**Extracted data:**

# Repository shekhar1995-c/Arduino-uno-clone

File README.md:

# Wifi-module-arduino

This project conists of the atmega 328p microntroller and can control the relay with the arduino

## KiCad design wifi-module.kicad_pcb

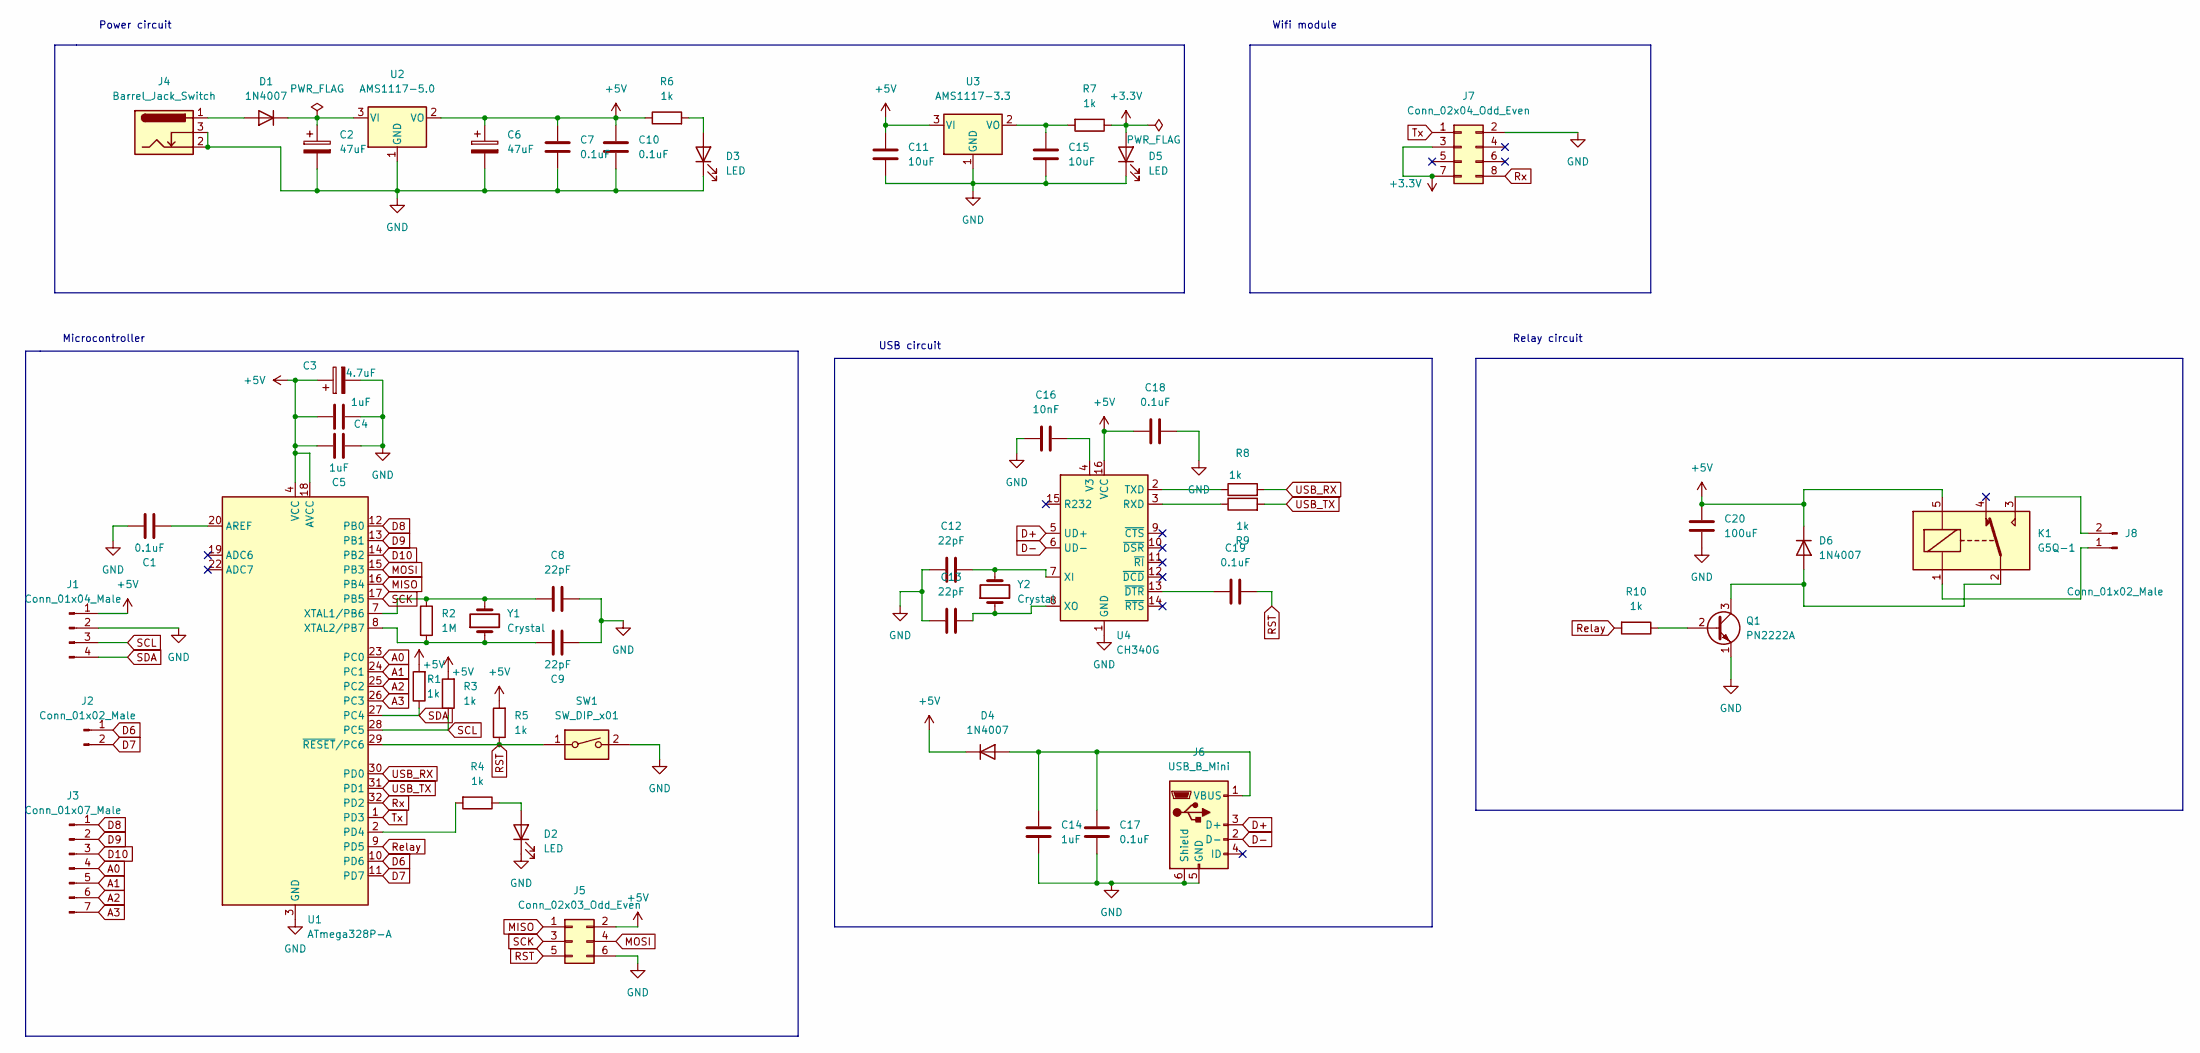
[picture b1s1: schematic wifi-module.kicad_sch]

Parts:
C1, C7, C10, C17, C18, C19: 0.1uF; C_0805_2012Metric
C2, C6: 47uF; CP_Elec_6.3x5.4
C3: 4.7uF; CP_Elec_6.3x5.4
C4, C5, C14: 1uF; C_0805_2012Metric
C8, C9, C12, C13: 22pF; C_0805_2012Metric
C11, C15: 10uF; C_0805_2012Metric
C16: 10nF; C_0805_2012Metric
C20: 100uF; C_0805_2012Metric
D1, D4, D6: 1N4007; D_SOD-123
D2, D3, D5: LED; LED_0603_1608Metric
J1: Conn_01x04_Male; PinHeader_1x04_P2.54mm_Vertical
J2: Conn_01x02_Male; PinHeader_1x02_P2.54mm_Vertical
J3: Conn_01x07_Male; PinHeader_1x07_P2.54mm_Vertical
J4: Barrel_Jack_Switch; BarrelJack_Horizontal
J5: Conn_02x03_Odd_Even; PinHeader_2x03_P2.54mm_Vertical
J6: USB_B_Mini; USB_Mini-B_Lumberg_2486_01_Horizontal
J7: Conn_02x04_Odd_Even; PinHeader_2x04_P2.54mm_Vertical
J8: Conn_01x02_Male; TerminalBlock_Phoenix_MKDS-1,5-2-5.08_1x02_P5.08mm_Horizont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
K1: G5Q-1; Relay_SPDT_SANYOU_SRD_Series_Form_C
Q1: PN2222A; TO-92_Inline
R1, R3, R4, R5, R6, R7, R8, R9, R10: 1k; R_0805_2012Metric
R2: 1M; R_0805_2012Metric
SW1: SW_DIP_x01; SW_PUSH_6mm
U1: ATmega328P-A; TQFP-32_7x7mm_P0.8mm
U2: AMS1117-5.0; SOT-223-3_TabPin2
U3: AMS1117-3.3; SOT-223-3_TabPin2
U4: CH340G; SOIC-16_3.9x9.9mm_P1.27mm
Y1, Y2: Crystal; Crystal_HC49-4H_Vertical

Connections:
+3V3: D5.2 (A), J7.3, J7.7, R7.1
+5V: C3.1, C4.1, C5.1, C6.1, C7.1, C10.1, C11.1, C18.1, C20.1, D4.1 (K), D6.1 (K), J1.1, J5.2, K1.5, R1.2, R3.2, R5.2, R6.1, U1.4 (VCC), U1.6 (VCC), U1.18 (AVCC), U2.2 (VO), U3.3 (VI), U4.16 (VCC)
A0: J3.4, U1.23 (PC0)
A1: J3.5, U1.24 (PC1)
A2: J3.6, U1.25 (PC2)
A3: J3.7, U1.26 (PC3)
D6: J2.1, U1.10 (PD6)
D7: J2.2, U1.11 (PD7)
D8: J3.1, U1.12 (PB0)
D9: J3.2, U1.13 (PB1)
D10: J3.3, U1.14 (PB2)
D+: J6.3 (D+), U4.5 (UD+)
D-: J6.2 (D-), U4.6 (UD-)
GND: C1.1, C2.2, C3.2, C4.2, C5.2, C6.2, C7.2, C8.2, C9.2, C10.2, C11.2, C12.1, C13.1, C14.1, C15.2, C16.1, C17.1, C18.2, C20.2, D2.1 (K), D3.1 (K), D5.1 (K), J1.2, J4.2, J4.3, J5.6, J6.5 (GND), J6.6 (Shield), J7.2, Q1.1 (E), SW1.2, U1.3 (GND), U1.5 (GND), U1.21 (GND), U2.1 (GND), U3.1 (GND), U4.1 (GND)
MISO: J5.1, U1.16 (PB4)
MOSI: J5.4, U1.15 (PB3)
unnamed: C1.2, U1.20 (AREF)
unnamed: C2.1, D1.1 (K), U2.3 (VI)
unnamed: C8.1, R2.1, U1.7 (XTAL1/PB6), Y1.2
unnamed: C9.1, R2.2, U1.8 (XTAL2/PB7), Y1.1
unnamed: C12.2, U4.7 (XI), Y2.2
unnamed: C13.2, U4.8 (XO), Y2.1
unnamed: C14.2, C17.2, D4.2 (A), J6.1 (VBUS)
unnamed: C15.1, R7.2, U3.2 (VO)
unnamed: C16.2, U4.4 (V3)
unnamed: C19.1, U4.13 (~DTR)
unnamed: D1.2 (A), J4.1
unnamed: D2.2 (A), R4.1
unnamed: D3.2 (A), R6.2
unnamed: D6.2 (A), K1.2, Q1.3 (C)
unnamed: J8.2, K1.3
unnamed: J8.1, K1.1
unnamed: Q1.2 (B), R10.1
unnamed: R4.2, U1.2 (PD4)
unnamed: R8.1, U4.2 (TXD)
unnamed: R9.1, U4.3 (RXD)
RST: C19.2, J5.5, R5.1, SW1.1, U1.29 (~RESET/PC6)
Relay: R10.2, U1.9 (PD5)
Rx: J7.8, U1.32 (PD2)
SCK: J5.3, U1.17 (PB5)
SCL: J1.3, R3.1, U1.28 (PC5)
SDA: J1.4, R1.1, U1.27 (PC4)
Tx: J7.1, U1.1 (PD3)
USB_RX: R8.2, U1.30 (PD0)
USB_TX: R9.2, U1.31 (PD1)

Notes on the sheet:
Power circuit
Wifi module
USB circuit
Relay circuit
Microcontroller

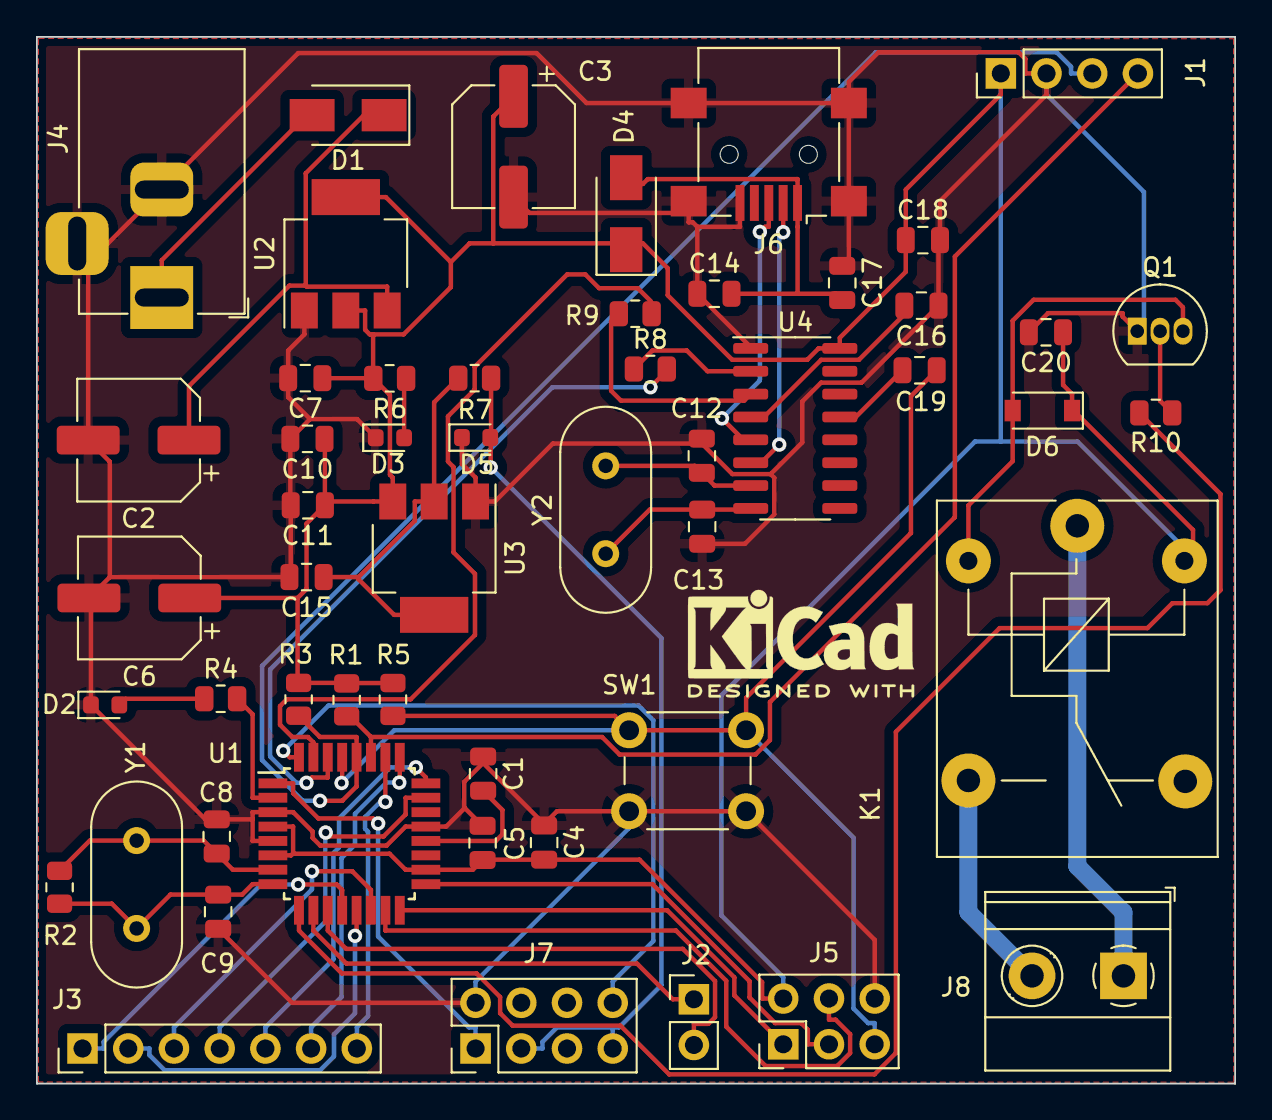
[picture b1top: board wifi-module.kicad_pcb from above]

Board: 2 copper layers, 66.6 x 58.2 mm, 53 parts (0 on the bottom side), 45 nets.

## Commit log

2022-10-30 new file added
2022-10-30 All files
2022-10-30 All Design files

**Work item:**
Where the line containing "unnamed: C15.1, R7.2, U3.2 (VO)" appears in the entries above, start there and set down every line exactly through the last one, inclusive; omit pictures.

**Answer to this problem:**
unnamed: C15.1, R7.2, U3.2 (VO)
unnamed: C16.2, U4.4 (V3)
unnamed: C19.1, U4.13 (~DTR)
unnamed: D1.2 (A), J4.1
unnamed: D2.2 (A), R4.1
unnamed: D3.2 (A), R6.2
unnamed: D6.2 (A), K1.2, Q1.3 (C)
unnamed: J8.2, K1.3
unnamed: J8.1, K1.1
unnamed: Q1.2 (B), R10.1
unnamed: R4.2, U1.2 (PD4)
unnamed: R8.1, U4.2 (TXD)
unnamed: R9.1, U4.3 (RXD)
RST: C19.2, J5.5, R5.1, SW1.1, U1.29 (~RESET/PC6)
Relay: R10.2, U1.9 (PD5)
Rx: J7.8, U1.32 (PD2)
SCK: J5.3, U1.17 (PB5)
SCL: J1.3, R3.1, U1.28 (PC5)
SDA: J1.4, R1.1, U1.27 (PC4)
Tx: J7.1, U1.1 (PD3)
USB_RX: R8.2, U1.30 (PD0)
USB_TX: R9.2, U1.31 (PD1)

Notes on the sheet:
Power circuit
Wifi module
USB circuit
Relay circuit
Microcontroller

[picture b1top: board wifi-module.kicad_pcb from above]

Board: 2 copper layers, 66.6 x 58.2 mm, 53 parts (0 on the bottom side), 45 nets.

## Commit log

2022-10-30 new file added
2022-10-30 All files
2022-10-30 All Design files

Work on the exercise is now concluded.